3.4 Analysis of Capability Boundary

Pass@K evaluation reveals that the capability ceiling of 4B agents is surprisingly high. On BrowseComp-ZH, DR-Venus-4B-SFT reaches 78.5% at Pass@16, significantly exceeding Tongyi-DR-30B (46.7%) and even outperforming proprietary models like Gemini-3-Pro (66.8%) and GPT-5 High (65.0%). This highlights the large deployment potential of edge-scale agents and suggests test-time scaling is especially effective for unlocking small model potential.

3.5 Analysis of Tool Use

Figure 3 shows that correct trajectories consistently exhibit a higher browse ratio than wrong trajectories across all benchmarks. This pattern becomes more pronounced after RL.

Overall Browse Ratio: Increases from 17.49% (SFT) to 22.46% (RL).
Correct Trajectory Browse Ratio: Increases from 23.71% (SFT) to 28.96% (RL).

RL steers tool use toward better evidence gathering, making the "correct > wrong" pattern more consistent and reversing counterintuitive relations seen in SFT.

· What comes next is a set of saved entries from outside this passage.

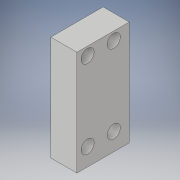
# Autodesk Inventor part: 8.2a
Saved by Autodesk Inventor 2017.3 (Build 213256000, 256)
## iProperties
Created: 2017-05-02
Part Number: 8.2a
Material: Generic
Document SubType Name: Modeling
Designer: rbibb
Density: 1 g/cm^3
Appearance: Default
Author: rbibb
Autodesk Inventor part; units mm, degrees
ref_plane "YZ Plane" through (0, 0, 0) normal (1, 0, 0) x (0, 1, 0)
ref_plane "XZ Plane" through (0, 0, 0) normal (0, 1, 0) x (-1, 0, 0)
ref_plane "XY Plane" through (0, 0, 0) normal (0, 0, 1) x (1, 0, 0)
sketch "Sketch1" plane through (0, 0, 0) normal (1, 0, 0) x (0, 1, 0)
  line L0 (14.9656, 6.7345) -> (-10.4344, 6.7345)
  line L1 (-10.4344, 6.7345) -> (-10.4344, -5.9655)
  line L2 (-10.4344, -5.9655) -> (14.9656, -5.9655)
  line L3 (14.9656, -5.9655) -> (14.9656, 6.7345)
  point P0 (0, 0)
  dimension "d0" = 25.4
  dimension "d1" = 12.7
  constraints: 8 end point, 2 parallel, 1 horizontal, 1 perpendicular
  measures "d0" distance of L1.end L2.end
  measures "d1" distance of L0.end L1.end
extrude "Extrusion1" add sketch "Sketch1" along normal blind 6.35
sketch "Sketch2" plane through (6.35, 0, 0) normal (1, 0, 0) x (0, 0, -1)
  circle A0 centre (-4.1568, 12.913) radius 1.5875
  line L0 (-6.7345, 14.9656) -> (-6.7345, -10.4344) projected
  line L1 (5.9655, 14.9656) -> (-6.7345, 14.9656) projected
  circle A1 centre (2.1932, 12.913) radius 1.5875
  circle A2 centre (-4.1568, -6.137) radius 1.5875
  circle A3 centre (2.1932, -6.137) radius 1.5875
  point P0 (0, 0)
  dimension "d4" = 3.175
  dimension "d9" = 6.35
  dimension "d12" = 19.05
  constraints: 4 centre point, 1 horizontal, 1 vertical, 6 other
  measures "d4" diameter of A0
  measures "d9" distance of A0.centre A1.centre
  measures "d12" distance of A0.centre A2.centre
extrude "Extrusion2" cut sketch "Sketch2" against normal blind 6.35
equation "\"d1\" = 0.5 * d0"
equation "\"d2\" = 0.5 * d1"
equation "\"d4\" = 0.5 * d2"
equation "\"d15\" = 0.5 * d1"
body "Solid1"

Theoretical and Practical Implications

Theoretical: Demonstrates that under limited open-data supervision, model scale is not the sole determinant of deep research performance. Careful improvement of data quality (cleaning, filtering) and data utilization (resampling, dense RL rewards) can compensate for a substantial portion of the scale gap.
Practical: Provides a reproducible blueprint for building frontier-edge-scale deep research agents using only open data. The released models, code, and recipes lower the barrier to entry for research and deployment of lightweight, cost-effective agentic assistants.

Conclusion

DR-Venus presents a frontier 4B edge-scale deep research agent built entirely on ~10K open data via a two-stage recipe of quality-focused SFT and utilization-focused RL (IGPO). It significantly outperforms prior small agents and narrows the gap to larger 30B systems. The work shows that strong deep research capability can be unlocked in small models through careful data handling, and that RL is essential for stabilizing long-horizon execution. The released artifacts aim to provide a practical starting point for future research on edge-scale agents.